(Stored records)
▶

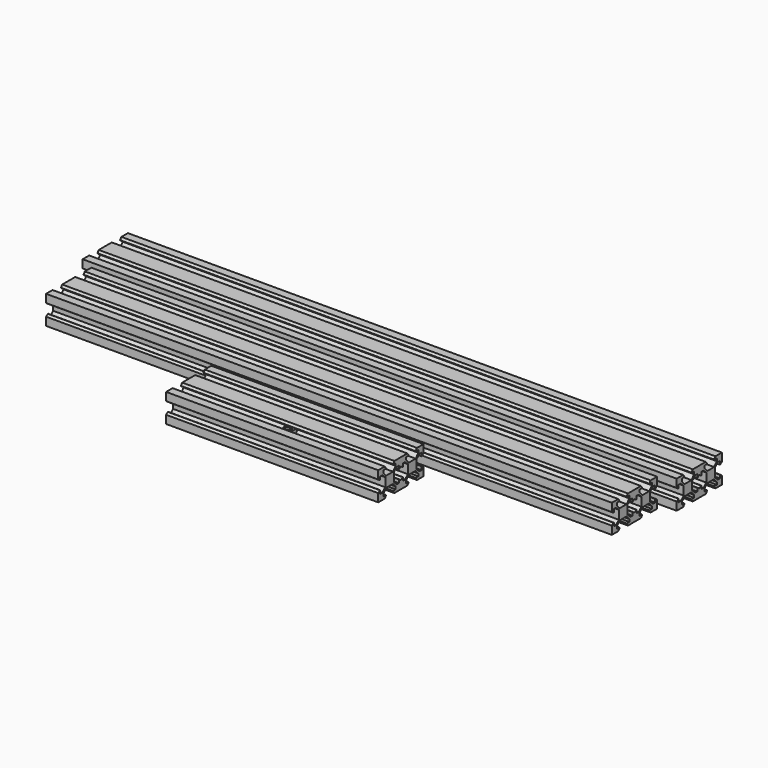
from build123d import *

# Parameters (mm, degrees)
F1_DEPTH  = 210
F4_DEPTH  = 75
F7_DEPTH  = 200
F9_DEPTH  = 5.9
F10_R     = 2.5
F11_DEPTH = 1
F12_R     = 1.6
F13_DEPTH = 4.445


# Not quite as in the source:
# - ends of sketch curves that miss each other by under 0.0002 mm in the source are joined


with BuildPart() as f1:
    # F0 (on Right) → F1 (new body, symmetric)
    with BuildSketch(Plane.YZ):
        Polygon((10.2685737705, -3.9572489457), (10.2685737705, -9.7132455008), (16.0245702043, -9.7132455008), (17.1575736492, -8.1377445729), (17.1575736492, -7.9352455008), (14.8075736492, -7.9352455008), (14.8075736492, -6.1572455008), (17.1570736492, -3.4902455008), (20.2685736492, -3.4902455008), (23.3800736492, -3.4902455008), (25.7295736492, -6.1572455008), (25.7295736492, -7.9352455008), (23.3795736492, -7.9352455008), (23.3795736492, -8.1377445729), (24.5125770941, -9.7132455008), (30.2685736492, -9.7132455008), (30.2685736492, -3.9572489457), (28.6930727214, -2.8242455008), (28.4905736492, -2.8242455008), (28.4905736492, -5.1742455008), (26.7125736492, -5.1742455008), (24.0455736492, -2.8247455008), (24.0455736492, 0.2867544992), (24.0455736492, 3.3982544992), (26.7125736492, 5.7477544992), (28.4905736492, 5.7477544992), (28.4905736492, 3.3977544992), (28.6930727214, 3.3977544992), (30.2685736492, 4.5307579441), (30.2685736492, 10.2867544992), (24.5125770941, 10.2867544992), (23.3795736492, 8.7112535713), (23.3795736492, 8.5087544992), (25.7295736492, 8.5087544992), (25.7295736492, 6.7307544992), (23.3800736492, 4.0637544992), (20.2685736492, 4.0637544992), (17.1570736492, 4.0637544992), (14.8075736492, 6.7307544992), (14.8075736492, 8.5087544992), (17.1575736492, 8.5087544992), (17.1575736492, 8.7112535713), (16.0245702043, 10.2867544992), (10.2685736492, 10.2867544992), (10.2685737705, 4.5307579441), (11.8440745771, 3.3977544992), (12.0465736492, 3.3977544992), (12.0465736492, 5.7477544992), (13.8245736492, 5.7477544992), (16.4915736492, 3.3982544992), (16.4915736492, 0.2867544992), (16.4915736492, -2.8247455008), (13.8245736492, -5.1742455008), (12.0465736492, -5.1742455008), (12.0465736492, -2.8242455008), (11.8440745771, -2.8242455008), align=None)
        Polygon((4.5125772154, -9.7132455008), (10.2685737705, -9.7132455008), (10.2685737705, -3.9572489457), (8.6930728426, -2.8242455008), (8.4905737705, -2.8242455008), (8.4905737705, -5.1742455008), (6.7125737705, -5.1742455008), (4.0455737705, -2.8247455008), (4.0455737705, 0.2867544992), (4.0455737705, 3.3982544992), (6.7125737705, 5.7477544992), (8.4905737705, 5.7477544992), (8.4905737705, 3.3977544992), (8.6930728426, 3.3977544992), (10.2685737705, 4.5307579441), (10.2685737705, 10.2867544992), (4.5125772154, 10.2867544992), (3.3795737705, 8.7112535713), (3.3795737705, 8.5087544992), (5.7295737705, 8.5087544992), (5.7295737705, 6.7307544992), (3.3800737705, 4.0637544992), (0.2685737705, 4.0637544992), (-2.8429262295, 4.0637544992), (-5.1924262295, 6.7307544992), (-5.1924262295, 8.5087544992), (-2.8424262295, 8.5087544992), (-2.8424262295, 8.7112535713), (-3.9754296744, 10.2867544992), (-9.7314262295, 10.2867544992), (-9.7314262295, 4.5307579441), (-8.1559253016, 3.3977544992), (-7.9534262295, 3.3977544992), (-7.9534262295, 5.7477544992), (-6.1754262295, 5.7477544992), (-3.5084262295, 3.3982544992), (-3.5084262295, 0.2867544992), (-3.5084262295, -2.8247455008), (-6.1754262295, -5.1742455008), (-7.9534262295, -5.1742455008), (-7.9534262295, -2.8242455008), (-8.1559253016, -2.8242455008), (-9.7314262295, -3.9572489457), (-9.7314262295, -9.7132455008), (-3.9754296744, -9.7132455008), (-2.8424262295, -8.1377445729), (-2.8424262295, -7.9352455008), (-5.1924262295, -7.9352455008), (-5.1924262295, -6.1572455008), (-2.8429262295, -3.4902455008), (0.2685737705, -3.4902455008), (3.3800737705, -3.4902455008), (5.7295737705, -6.1572455008), (5.7295737705, -7.9352455008), (3.3795737705, -7.9352455008), (3.3795737705, -8.1377445729), align=None)
    extrude(amount=F1_DEPTH, both=True)


with BuildPart() as f1_1:
    # F3: moved
    add(f1.part.moved(Location((0, 35.2, 0))))


with BuildPart() as f4:
    # F2 (on Right) → F4 (new body, symmetric)
    with BuildSketch(Plane.YZ):
        Polygon((-5.0975223597, -9.7629997892), (0.6584741954, -9.7629997892), (0.6584741954, -4.0070032341), (-0.9170267324, -2.8739997892), (-1.1195258046, -2.8739997892), (-1.1195258046, -5.2239997892), (-2.8975258046, -5.2239997892), (-5.5645258046, -2.8744997892), (-5.5645258046, 0.2370002108), (-5.5645258046, 3.3485002108), (-2.8975258046, 5.6980002108), (-1.1195258046, 5.6980002108), (-1.1195258046, 3.3480002108), (-0.9170267324, 3.3480002108), (0.6584741954, 4.4810036557), (0.6584741954, 10.2370002108), (-5.0975223597, 10.2370002108), (-6.2305258046, 8.6614992829), (-6.2305258046, 8.4590002108), (-3.8805258046, 8.4590002108), (-3.8805258046, 6.6810002108), (-6.2300258046, 4.0140002108), (-9.3415258046, 4.0140002108), (-12.4530258046, 4.0140002108), (-14.8025258046, 6.6810002108), (-14.8025258046, 8.4590002108), (-12.4525258046, 8.4590002108), (-12.4525258046, 8.6614992829), (-13.5855292495, 10.2370002108), (-19.3415258046, 10.2370002108), (-19.3415258046, 4.4810036557), (-17.7660248767, 3.3480002108), (-17.5635258046, 3.3480002108), (-17.5635258046, 5.6980002108), (-15.7855258046, 5.6980002108), (-13.1185258046, 3.3485002108), (-13.1185258046, 0.2370002108), (-13.1185258046, -2.8744997892), (-15.7855258046, -5.2239997892), (-17.5635258046, -5.2239997892), (-17.5635258046, -2.8739997892), (-17.7660248767, -2.8739997892), (-19.3415258046, -4.0070032341), (-19.3415258046, -9.7629997892), (-13.5855292495, -9.7629997892), (-12.4525258046, -8.1874988613), (-12.4525258046, -7.9849997892), (-14.8025258046, -7.9849997892), (-14.8025258046, -6.2069997892), (-12.4530258046, -3.5399997892), (-9.3415258046, -3.5399997892), (-6.2300258046, -3.5399997892), (-3.8805258046, -6.2069997892), (-3.8805258046, -7.9849997892), (-6.2305258046, -7.9849997892), (-6.2305258046, -8.1874988613), align=None)
        Polygon((0.6584741954, -4.0070032341), (0.6584741954, -9.7629997892), (6.4144706293, -9.7629997892), (7.5474740742, -8.1874988613), (7.5474740742, -7.9849997892), (5.1974740742, -7.9849997892), (5.1974740742, -6.2069997892), (7.5469740742, -3.5399997892), (10.6584740742, -3.5399997892), (13.7699740742, -3.5399997892), (16.1194740742, -6.2069997892), (16.1194740742, -7.9849997892), (13.7694740742, -7.9849997892), (13.7694740742, -8.1874988613), (14.9024775191, -9.7629997892), (20.6584740742, -9.7629997892), (20.6584740742, -4.0070032341), (19.0829731463, -2.8739997892), (18.8804740742, -2.8739997892), (18.8804740742, -5.2239997892), (17.1024740742, -5.2239997892), (14.4354740742, -2.8744997892), (14.4354740742, 0.2370002108), (14.4354740742, 3.3485002108), (17.1024740742, 5.6980002108), (18.8804740742, 5.6980002108), (18.8804740742, 3.3480002108), (19.0829731463, 3.3480002108), (20.6584740742, 4.4810036557), (20.6584740742, 10.2370002108), (14.9024775191, 10.2370002108), (13.7694740742, 8.6614992829), (13.7694740742, 8.4590002108), (16.1194740742, 8.4590002108), (16.1194740742, 6.6810002108), (13.7699740742, 4.0140002108), (10.6584740742, 4.0140002108), (7.5469740742, 4.0140002108), (5.1974740742, 6.6810002108), (5.1974740742, 8.4590002108), (7.5474740742, 8.4590002108), (7.5474740742, 8.6614992829), (6.4144706293, 10.2370002108), (0.6584740742, 10.2370002108), (0.6584741954, 4.4810036557), (2.233975002, 3.3480002108), (2.4364740742, 3.3480002108), (2.4364740742, 5.6980002108), (4.2144740742, 5.6980002108), (6.8814740742, 3.3485002108), (6.8814740742, 0.2370002108), (6.8814740742, -2.8744997892), (4.2144740742, -5.2239997892), (2.4364740742, -5.2239997892), (2.4364740742, -2.8739997892), (2.233975002, -2.8739997892), align=None)
    extrude(amount=F4_DEPTH, both=True)


with BuildPart() as f4_1:
    # F5: moved
    add(f4.part.moved(Location((0, -50.2, 0))))


with BuildPart() as f7:
    # F6 (on Right) → F7 (new body, symmetric)
    with BuildSketch(Plane.YZ):
        Polygon((-5.0975223597, -9.7629997892), (0.6584741954, -9.7629997892), (0.6584741954, -4.0070032341), (-0.9170267324, -2.8739997892), (-1.1195258046, -2.8739997892), (-1.1195258046, -5.2239997892), (-2.8975258046, -5.2239997892), (-5.5645258046, -2.8744997892), (-5.5645258046, 0.2370002108), (-5.5645258046, 3.3485002108), (-2.8975258046, 5.6980002108), (-1.1195258046, 5.6980002108), (-1.1195258046, 3.3480002108), (-0.9170267324, 3.3480002108), (0.6584741954, 4.4810036557), (0.6584741954, 10.2370002108), (-5.0975223597, 10.2370002108), (-6.2305258046, 8.6614992829), (-6.2305258046, 8.4590002108), (-3.8805258046, 8.4590002108), (-3.8805258046, 6.6810002108), (-6.2300258046, 4.0140002108), (-9.3415258046, 4.0140002108), (-12.4530258046, 4.0140002108), (-14.8025258046, 6.6810002108), (-14.8025258046, 8.4590002108), (-12.4525258046, 8.4590002108), (-12.4525258046, 8.6614992829), (-13.5855292495, 10.2370002108), (-19.3415258046, 10.2370002108), (-19.3415258046, 4.4810036557), (-17.7660248767, 3.3480002108), (-17.5635258046, 3.3480002108), (-17.5635258046, 5.6980002108), (-15.7855258046, 5.6980002108), (-13.1185258046, 3.3485002108), (-13.1185258046, 0.2370002108), (-13.1185258046, -2.8744997892), (-15.7855258046, -5.2239997892), (-17.5635258046, -5.2239997892), (-17.5635258046, -2.8739997892), (-17.7660248767, -2.8739997892), (-19.3415258046, -4.0070032341), (-19.3415258046, -9.7629997892), (-13.5855292495, -9.7629997892), (-12.4525258046, -8.1874988613), (-12.4525258046, -7.9849997892), (-14.8025258046, -7.9849997892), (-14.8025258046, -6.2069997892), (-12.4530258046, -3.5399997892), (-9.3415258046, -3.5399997892), (-6.2300258046, -3.5399997892), (-3.8805258046, -6.2069997892), (-3.8805258046, -7.9849997892), (-6.2305258046, -7.9849997892), (-6.2305258046, -8.1874988613), align=None)
        Polygon((0.6584741954, -4.0070032341), (0.6584741954, -9.7629997892), (6.4144706293, -9.7629997892), (7.5474740742, -8.1874988613), (7.5474740742, -7.9849997892), (5.1974740742, -7.9849997892), (5.1974740742, -6.2069997892), (7.5469740742, -3.5399997892), (10.6584740742, -3.5399997892), (13.7699740742, -3.5399997892), (16.1194740742, -6.2069997892), (16.1194740742, -7.9849997892), (13.7694740742, -7.9849997892), (13.7694740742, -8.1874988613), (14.9024775191, -9.7629997892), (20.6584740742, -9.7629997892), (20.6584740742, -4.0070032341), (19.0829731463, -2.8739997892), (18.8804740742, -2.8739997892), (18.8804740742, -5.2239997892), (17.1024740742, -5.2239997892), (14.4354740742, -2.8744997892), (14.4354740742, 0.2370002108), (14.4354740742, 3.3485002108), (17.1024740742, 5.6980002108), (18.8804740742, 5.6980002108), (18.8804740742, 3.3480002108), (19.0829731463, 3.3480002108), (20.6584740742, 4.4810036557), (20.6584740742, 10.2370002108), (14.9024775191, 10.2370002108), (13.7694740742, 8.6614992829), (13.7694740742, 8.4590002108), (16.1194740742, 8.4590002108), (16.1194740742, 6.6810002108), (13.7699740742, 4.0140002108), (10.6584740742, 4.0140002108), (7.5469740742, 4.0140002108), (5.1974740742, 6.6810002108), (5.1974740742, 8.4590002108), (7.5474740742, 8.4590002108), (7.5474740742, 8.6614992829), (6.4144706293, 10.2370002108), (0.6584740742, 10.2370002108), (0.6584741954, 4.4810036557), (2.233975002, 3.3480002108), (2.4364740742, 3.3480002108), (2.4364740742, 5.6980002108), (4.2144740742, 5.6980002108), (6.8814740742, 3.3485002108), (6.8814740742, 0.2370002108), (6.8814740742, -2.8744997892), (4.2144740742, -5.2239997892), (2.4364740742, -5.2239997892), (2.4364740742, -2.8739997892), (2.233975002, -2.8739997892), align=None)
    extrude(amount=F7_DEPTH, both=True)


with BuildPart() as f9:
    # F8 (on Right) → F9 (new body)
    with BuildSketch(Plane.YZ):
        Polygon((-54.5805258046, 7.9590002108), (-56.9305258046, 7.9590002108), (-62.1525258046, 7.9590002108), (-64.5025258046, 7.9590002108), (-64.5025258046, 6.8698273443), (-62.4271542822, 4.5140002108), (-56.6558973269, 4.5140002108), (-54.5805258046, 6.8698273443), align=None)
    extrude(amount=F9_DEPTH)

    # F10 (on face) → F11 (join)
    with BuildSketch(Plane.XY.offset(7.9590002108)):
        with Locations((2.95, -59.5415258046)):
            Circle(F10_R)
    extrude(amount=F11_DEPTH)

    # F12 (on face) → F13 (cut, through all)
    with BuildSketch(Plane.XY.offset(8.9590002108)):
        with Locations((2.95, -59.5415258046)):
            Circle(F12_R)
    extrude(amount=-F13_DEPTH, mode=Mode.SUBTRACT)


with BuildPart() as f14_1:
    # F14: copy of F9
    add(f9.part)


solid = Compound([f1_1.part, f4_1.part, f7.part, f9.part, f14_1.part])

◀

Please give only the count of lines above containing "symmetric".

Task answer.
3